As you can expect based on the discussion we had about Markov inequality, Chebyshev inequality is also tight if the only thing we are assuming about a random variable is that it has bounded mean $\mu$ and variance $\sigma^2$. This is illustrated in the following example.

\begin{example}
Consider the random variable $X$ that takes value $-k$ with probability $\frac{1}{2k^2},$ $+k$ with probability $\frac{1}{2k^2}$, and $0$ with probability $1 - \frac{1}{k^2}.$ The mean and the variance of this random variable are $\mu = 0$ and $\sigma^2 = 1.$ Chebyshev inequality predicts the following bound for $X$:

$$
    \mathbb{P}[|X - \mu| \geq  k] = \mathbb{P}[|X| \geq k] \leq \frac{1}{k^2},
$$

which holds with equality, as $\mathbb{P}[|X| \geq k] = \mathbb{P}[|X| = k] = \mathbb{P}[X = k] + \mathbb{P}[X = -k] = \frac{1}{k^2}.$
\end{example}

Chebyshev inequality can also be used to get a more quantifiable law of large numbers (and also prove the WLLN we stated last time). In particular, for $n$ i.i.d. random variables $X_1, X_2, \dots, X_n$ with mean $\mu$ and variance $\sigma^2$, we have that 

$$
    \mathbb{E}\Big[\frac{X_1 + X_2 + \dots + X_n}{n}\Big] = \mu, \quad\quad\quad \mathrm{Var}\Big[\frac{X_1 + X_2 + \dots + X_n}{n}\Big] = \frac{\sigma^2}{n}.
$$

Applying Chebyshev inequality, for any $\epsilon > 0$, we have

\begin{align*}
    \mathbb{P}\Big[\Big|\frac{X_1 + X_2 + \dots + X_n}{n} - \mu\Big| \geq \epsilon\Big] \leq \frac{\sigma^2}{n \epsilon^2}. 
\end{align*}

Thus, for any $\epsilon > 0$, we can take $n$ large enough to make the probability that the empirical mean deviates from the true mean by more than $\epsilon$ arbitrarily small.
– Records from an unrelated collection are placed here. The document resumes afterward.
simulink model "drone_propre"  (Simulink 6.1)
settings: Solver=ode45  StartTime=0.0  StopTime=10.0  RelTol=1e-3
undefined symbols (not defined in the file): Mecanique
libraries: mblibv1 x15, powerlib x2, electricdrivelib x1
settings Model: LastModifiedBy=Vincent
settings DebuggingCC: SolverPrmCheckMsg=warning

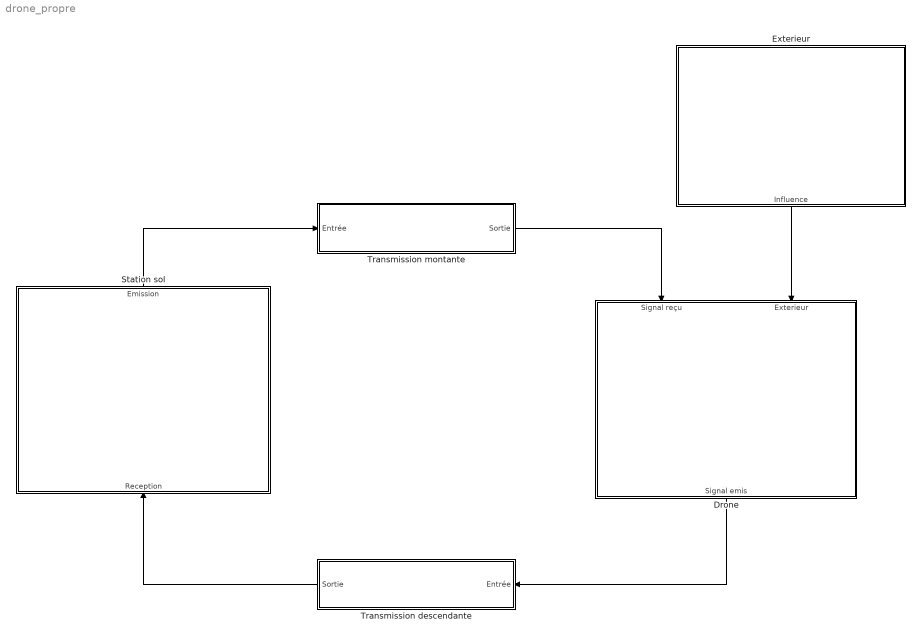
== system drone_propre ==
  Drone : Subsystem  Orientation=down
      mask Display: image(imread('C:\Projets\CMD\Simulations\Propre\images\drone.jpg'))
  Exterieur : Subsystem  Orientation=down
      mask Display: image(imread('C:\Projets\CMD\Simulations\Propre\images\ciel.jpg'))
  Station sol : Subsystem  Orientation=up
      mask Display: image(imread('C:\Projets\CMD\Simulations\Propre\images\stationsol.jpg'))
  Transmission descendante : Subsystem  Orientation=left
      mask Display: image(imread('C:\Projets\CMD\Simulations\Propre\images\ondes2.jpg'))
  Transmission montante : Subsystem
      mask Display: image(imread('C:\Projets\CMD\Simulations\Propre\images\ondes1.jpg'))
  wires:
  Transmission descendante/1(Sortie) -> Station sol/1(Reception)
  Station sol/1(Emission) -> Transmission montante/1(Entrée)
  Transmission montante/1(Sortie) -> Drone/1(Signal reçu)
  Drone/1(Signal emis) -> Transmission descendante/1(Entrée)
  Exterieur/1(Influence) -> Drone/2(Exterieur)

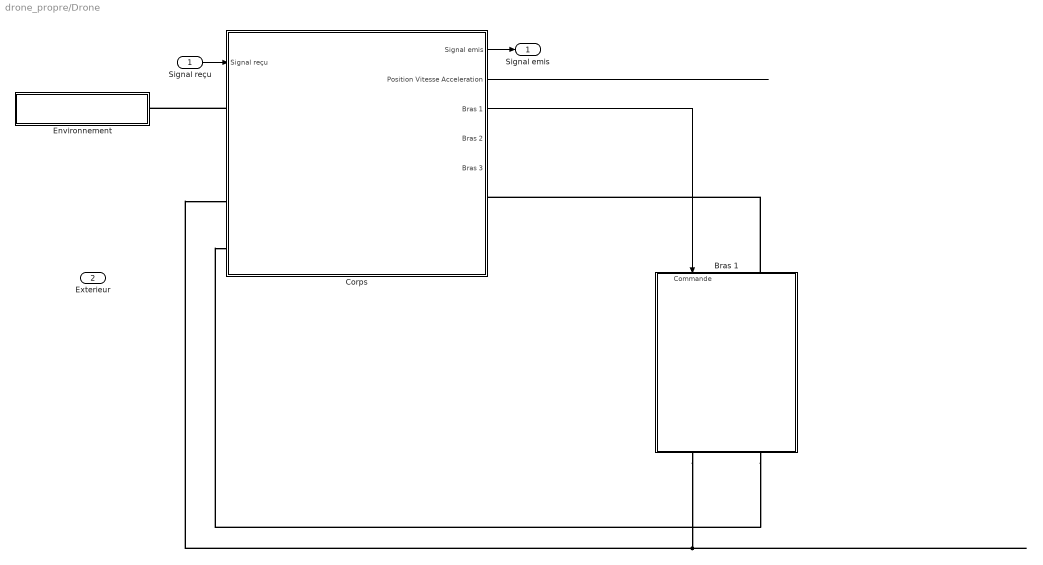
== system drone_propre/Drone ==
  Signal reçu : Inport  Port=1  LatchInput=off
  Exterieur : Inport  Port=2  LatchInput=off
  Bras 1 : Subsystem  Orientation=down
  Corps : Subsystem
  Environnement : Subsystem  Orientation=left
  Signal emis : Outport
  wires:
  Signal reçu/1 -> Corps/1(Signal reçu)
  Corps/1(Signal emis) -> Signal emis/1
  Corps/3(Bras 1) -> Bras 1/1(Commande)
  Corps/2(Position Vitesse Acceleration) -> ?
  connections:
  Corps/LConn1 -- Environnement/LConn1
  Corps/LConn3 -- Bras 1/RConn1
  Bras 1/RConn2 -- Corps/LConn4
  Bras 1/LConn1 -- Corps/RConn1

== system drone_propre/Exterieur ==
  Influence : Outport

== system drone_propre/Station sol ==
  Reception : Inport  Port=1  LatchInput=off
  Emission : Outport
  wires:
  Reception/1 -> Emission/1

== system drone_propre/Transmission descendante ==
  Entrée : Inport  Port=1  LatchInput=off
  Délai de transmission : TransportDelay  DelayTime=1E-4
  Sortie : Outport
  wires:
  Entrée/1 -> Délai de transmission/1
  Délai de transmission/1 -> Sortie/1

== system drone_propre/Transmission montante ==
  Entrée : Inport  Port=1  LatchInput=off
  Délai de transmission : TransportDelay  DelayTime=1E-4
  Sortie : Outport
  wires:
  Entrée/1 -> Délai de transmission/1
  Délai de transmission/1 -> Sortie/1

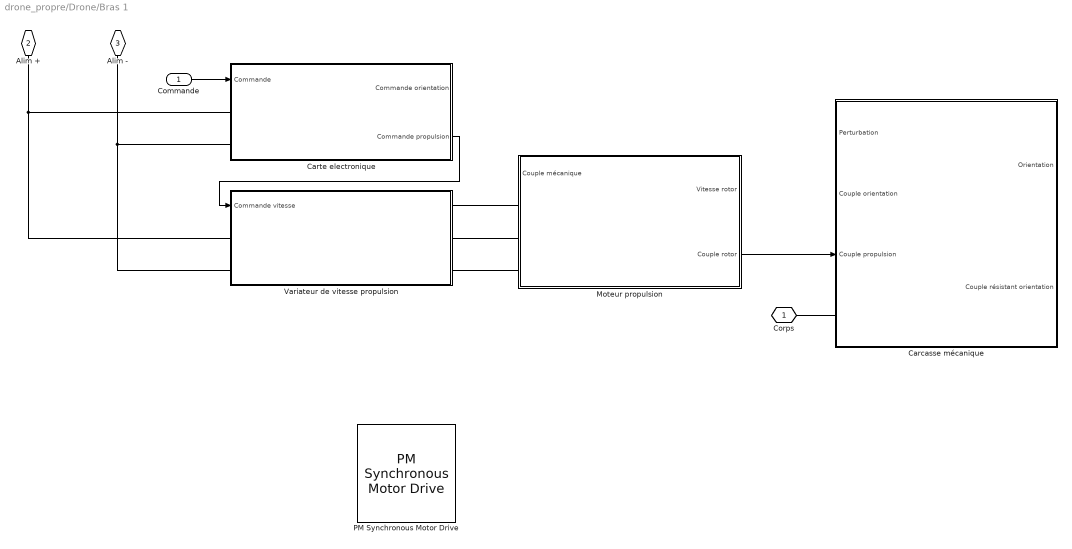
== system drone_propre/Drone/Bras 1 ==
  Commande : Inport  Port=1  LatchInput=off
  Carcasse mécanique : Subsystem
  Carte electronique : Subsystem
  Moteur propulsion : Subsystem
  PM Synchronous Motor Drive : electricdrivelib/AC drives/PM Synchronous Motor Drive
  Variateur de vitesse propulsion : Subsystem
  Corps : PMIOPort  Tag=PMCPort  Port=1  Side=Left
  Alim + : PMIOPort  Tag=PMCPort  Orientation=down  Port=2  Side=Right
  Alim - : PMIOPort  Tag=PMCPort  Orientation=down  Port=3  Side=Right
  wires:
  Moteur propulsion/2(Couple rotor) -> Carcasse mécanique/3(Couple propulsion)
  Commande/1 -> Carte electronique/1(Commande)
  Carte electronique/2(Commande propulsion) -> Variateur de vitesse propulsion/1(Commande vitesse)
  connections:
  Alim +/RConn1 -- Variateur de vitesse propulsion/LConn1 -- Carte electronique/LConn1
  Alim -/RConn1 -- Variateur de vitesse propulsion/LConn2 -- Carte electronique/LConn2
  Carcasse mécanique/LConn1 -- Corps/RConn1
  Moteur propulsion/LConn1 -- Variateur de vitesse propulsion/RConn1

Chebyshev inequality actually gives us more than that. It tells us that if we want to make the probability that the empirical and true mean differ by more than $\epsilon$ at most $\delta$ (for some $\delta > 0$), then it suffices to take $n \geq \frac{\sigma^2}{\epsilon^2 \delta}.$ 

Finally, let us observe that the Chebyshev inequality gives us the following estimate of how likely it is for a random variable to take values that fall more than $k$ standard deviations away from the mean. Applying Chebyshev inequality with $t = k\sigma$, we have

$$
    \mathbb{P}[|X - \mu| \geq k \sigma] \leq \frac{\sigma^2}{k^2 \sigma^2} = \frac{1}{k^2}.
$$

Is this good? Bad? Well, it depends... As we stated before, we cannot do better if all we know about a random variable is that it has finite mean and finite variance. But Chebyshev inequality is quite loose for random variables with "light tails," such as the Gaussian random variables.